Haliyle dostlarımız Türkçe bilmiyorlardı. Sunumları İngilizce olacaktı fakat İngilizce bilmeyenler ya da duyduğunu anlamayanlar ne yapacaktı. Tabi her şey gibi bu da düşünülmüştü. Sunum sırasında anlık çevirilerin yapıldığı kulaklıklar önceden katılımcılardan isteyenlere dağıtılmıştı. Bir ara herkesin kulağında bu anlık çevirilerin dinlendiği kulaklıkları görünce kendimi bir an Birleşmiş Milletler Barış Konferansında hissetmedim değil. İkinci bölüm sonunda yemek arası vardı, otelin yemek salonunda hafif bir piyano müziği eşliğinde yemeklerimizi yedikten sonra üçüncü bölüm için salonda yerlerimizi almıştık.

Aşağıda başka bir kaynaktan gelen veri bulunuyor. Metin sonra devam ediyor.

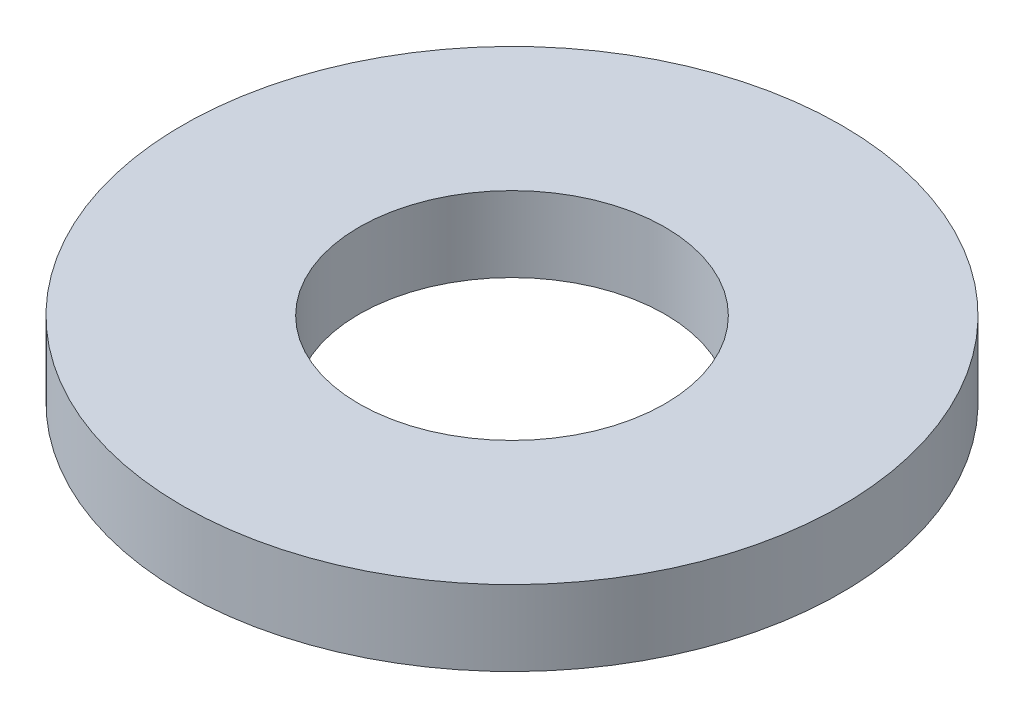
ISO-10303-21;
HEADER;
FILE_DESCRIPTION(('STEP AP214'),'2;1');
FILE_NAME('part.step','',(''),(''),'','','');
FILE_SCHEMA(('AUTOMOTIVE_DESIGN { 1 0 10303 214 1 1 1 1 }'));
ENDSEC;
DATA;
#1=APPLICATION_CONTEXT('core data for automotive mechanical design processes');
#2=APPLICATION_PROTOCOL_DEFINITION('international standard','automotive_design',2000,#1);
#3=PRODUCT_CONTEXT('',#1,'mechanical');
#4=PRODUCT('Part','Part','',(#3));
#5=PRODUCT_RELATED_PRODUCT_CATEGORY('part','',(#4));
#6=PRODUCT_DEFINITION_FORMATION('','',#4);
#7=PRODUCT_DEFINITION_CONTEXT('part definition',#1,'design');
#8=PRODUCT_DEFINITION('design','',#6,#7);
#9=PRODUCT_DEFINITION_SHAPE('','',#8);
#10=(LENGTH_UNIT() NAMED_UNIT(*) SI_UNIT(.MILLI.,.METRE.));
#11=(NAMED_UNIT(*) PLANE_ANGLE_UNIT() SI_UNIT($,.RADIAN.));
#12=(NAMED_UNIT(*) SI_UNIT($,.STERADIAN.) SOLID_ANGLE_UNIT());
#13=UNCERTAINTY_MEASURE_WITH_UNIT(LENGTH_MEASURE(1.E-05),#10,'distance_accuracy_value','');
#14=(GEOMETRIC_REPRESENTATION_CONTEXT(3) GLOBAL_UNCERTAINTY_ASSIGNED_CONTEXT((#13)) GLOBAL_UNIT_ASSIGNED_CONTEXT((#10,
#11,#12)) REPRESENTATION_CONTEXT('',''));
#15=CARTESIAN_POINT('',(0.,0.,0.));
#16=DIRECTION('',(0.,0.,1.));
#17=DIRECTION('',(1.,0.,0.));
#18=AXIS2_PLACEMENT_3D('',#15,#16,#17);
#19=CARTESIAN_POINT('',(0.,16.,0.));
#20=DIRECTION('',(0.,-1.,0.));
#21=DIRECTION('',(0.,0.,-1.));
#22=AXIS2_PLACEMENT_3D('',#19,#20,#21);
#23=CYLINDRICAL_SURFACE('',#22,70.);
#24=CARTESIAN_POINT('',(0.,16.,0.));
#25=DIRECTION('',(0.,1.,0.));
#26=DIRECTION('',(0.,0.,1.));
#27=AXIS2_PLACEMENT_3D('',#24,#25,#26);
#28=CIRCLE('',#27,70.);
#29=CARTESIAN_POINT('',(0.,16.,70.));
#30=VERTEX_POINT('',#29);
#31=EDGE_CURVE('E10',#30,#30,#28,.T.);
#32=ORIENTED_EDGE('',*,*,#31,.F.);
#33=EDGE_LOOP('',(#32));
#34=FACE_BOUND('',#33,.T.);
#35=CARTESIAN_POINT('',(0.,0.,0.));
#36=DIRECTION('',(0.,1.,0.));
#37=DIRECTION('',(0.,0.,1.));
#38=AXIS2_PLACEMENT_3D('',#35,#36,#37);
#39=CIRCLE('',#38,70.);
#40=CARTESIAN_POINT('',(0.,0.,70.));
#41=VERTEX_POINT('',#40);
#42=EDGE_CURVE('E37',#41,#41,#39,.T.);
#43=ORIENTED_EDGE('',*,*,#42,.T.);
#44=EDGE_LOOP('',(#43));
#45=FACE_BOUND('',#44,.T.);
#46=ADVANCED_FACE('F40',(#34,#45),#23,.T.);
#47=CARTESIAN_POINT('',(0.,16.,0.));
#48=DIRECTION('',(0.,1.,0.));
#49=DIRECTION('',(0.,0.,1.));
#50=AXIS2_PLACEMENT_3D('',#47,#48,#49);
#51=PLANE('',#50);
#52=CARTESIAN_POINT('',(0.,16.,0.));
#53=DIRECTION('',(0.,1.,0.));
#54=DIRECTION('',(0.,0.,1.));
#55=AXIS2_PLACEMENT_3D('',#52,#53,#54);
#56=CIRCLE('',#55,32.5);
#57=CARTESIAN_POINT('',(0.,16.,32.5));
#58=VERTEX_POINT('',#57);
#59=EDGE_CURVE('E50',#58,#58,#56,.T.);
#60=ORIENTED_EDGE('',*,*,#59,.F.);
#61=EDGE_LOOP('',(#60));
#62=FACE_BOUND('',#61,.T.);
#63=ORIENTED_EDGE('',*,*,#31,.T.);
#64=EDGE_LOOP('',(#63));
#65=FACE_BOUND('',#64,.T.);
#66=ADVANCED_FACE('F59',(#62,#65),#51,.T.);
#67=CARTESIAN_POINT('',(0.,0.,0.));
#68=DIRECTION('',(0.,1.,0.));
#69=DIRECTION('',(0.,0.,1.));
#70=AXIS2_PLACEMENT_3D('',#67,#68,#69);
#71=PLANE('',#70);
#72=CARTESIAN_POINT('',(0.,0.,0.));
#73=DIRECTION('',(0.,1.,0.));
#74=DIRECTION('',(0.,0.,1.));
#75=AXIS2_PLACEMENT_3D('',#72,#73,#74);
#76=CIRCLE('',#75,32.5);
#77=CARTESIAN_POINT('',(0.,0.,32.5));
#78=VERTEX_POINT('',#77);
#79=EDGE_CURVE('E47',#78,#78,#76,.T.);
#80=ORIENTED_EDGE('',*,*,#79,.T.);
#81=EDGE_LOOP('',(#80));
#82=FACE_BOUND('',#81,.T.);
#83=ORIENTED_EDGE('',*,*,#42,.F.);
#84=EDGE_LOOP('',(#83));
#85=FACE_BOUND('',#84,.T.);
#86=ADVANCED_FACE('F58',(#82,#85),#71,.F.);
#87=CARTESIAN_POINT('',(0.,16.,0.));
#88=DIRECTION('',(0.,-1.,0.));
#89=DIRECTION('',(0.,0.,-1.));
#90=AXIS2_PLACEMENT_3D('',#87,#88,#89);
#91=CYLINDRICAL_SURFACE('',#90,32.5);
#92=ORIENTED_EDGE('',*,*,#59,.T.);
#93=EDGE_LOOP('',(#92));
#94=FACE_BOUND('',#93,.T.);
#95=ORIENTED_EDGE('',*,*,#79,.F.);
#96=EDGE_LOOP('',(#95));
#97=FACE_BOUND('',#96,.T.);
#98=ADVANCED_FACE('F54',(#94,#97),#91,.F.);
#99=CLOSED_SHELL('',(#46,#66,#86,#98));
#100=MANIFOLD_SOLID_BREP('B2',#99);
#101=ADVANCED_BREP_SHAPE_REPRESENTATION('',(#18,#100),#14);
#102=SHAPE_DEFINITION_REPRESENTATION(#9,#101);
ENDSEC;
END-ISO-10303-21;

Üçüncü bölümde Salih Memecan' dan nasıl karikatür çizebileceğimi bir nevi olsun öğrendim diyebilirim, özellikle de başbakanı çizmeyi. Prof.Dr.Erhan Erkut ve Alemşah Öztürk ise içimdeki girişimciyi dürtmeyi başardı. Konuşmalar arasına serpiştirilen müzik ziyafeti bu bölümde Mustafa Kencesoy' la devam etti. Kencesoy, Türkçe altyazılarını bir öğrencisinin hazırladığı ufak bir klip eşliğinde Hansel ve Gretel ile Kırmızı Başlıklı Kız'ın hikayelerini anlattığı şarkılarıyla kulağımı sağır etmeyi başardı. Aslında şarkıları çok iyiydi ve bu şarkılar da en güzel böyle söylenirdi bence, bir an kendimi kaybedip şarkı sözlerini söylerken, ritm tuttuğumu da fark ettim ama kulaklarım da sağır olmadı değil hani.

Son bölümde Lokman Ayva'nın esprili sunumunda, imkansızlığın oluşturduğu imkanları KÖK teorisiyle beraber görmeyen bir adamın ağzından dinlemek bu bölümde çıtanın biraz daha yükseldiğini hissettirmişti. KÖK teorisi nedir mi? dedim ya "gelmeyenler oturup ağlasın..." Bu arada Oktay Sinanoğlu'nun da  4. bölüm öncesinde salona girdiğini fark ettim. Beklediğimden çok daha uzundu. Kollarından destekleyen iki kişinin yardımıyla yürüyordu. Artık sırasının gelmesini sabırsızlıkla bekliyordum.
Bu bölümde diğer bölümlerdeki müzikal sunumun yerini yine yetenek sizsiniz adlı televizyon programından tanıdığımız Kıvanç ve Burak'ın illüzyon gösterisi almıştı. Adamlar gözümün önünde masayı uçurduktan sonra Mayıs'ın ortasında İstanbul'da kar yağdırarak sahneden ayrıldılar.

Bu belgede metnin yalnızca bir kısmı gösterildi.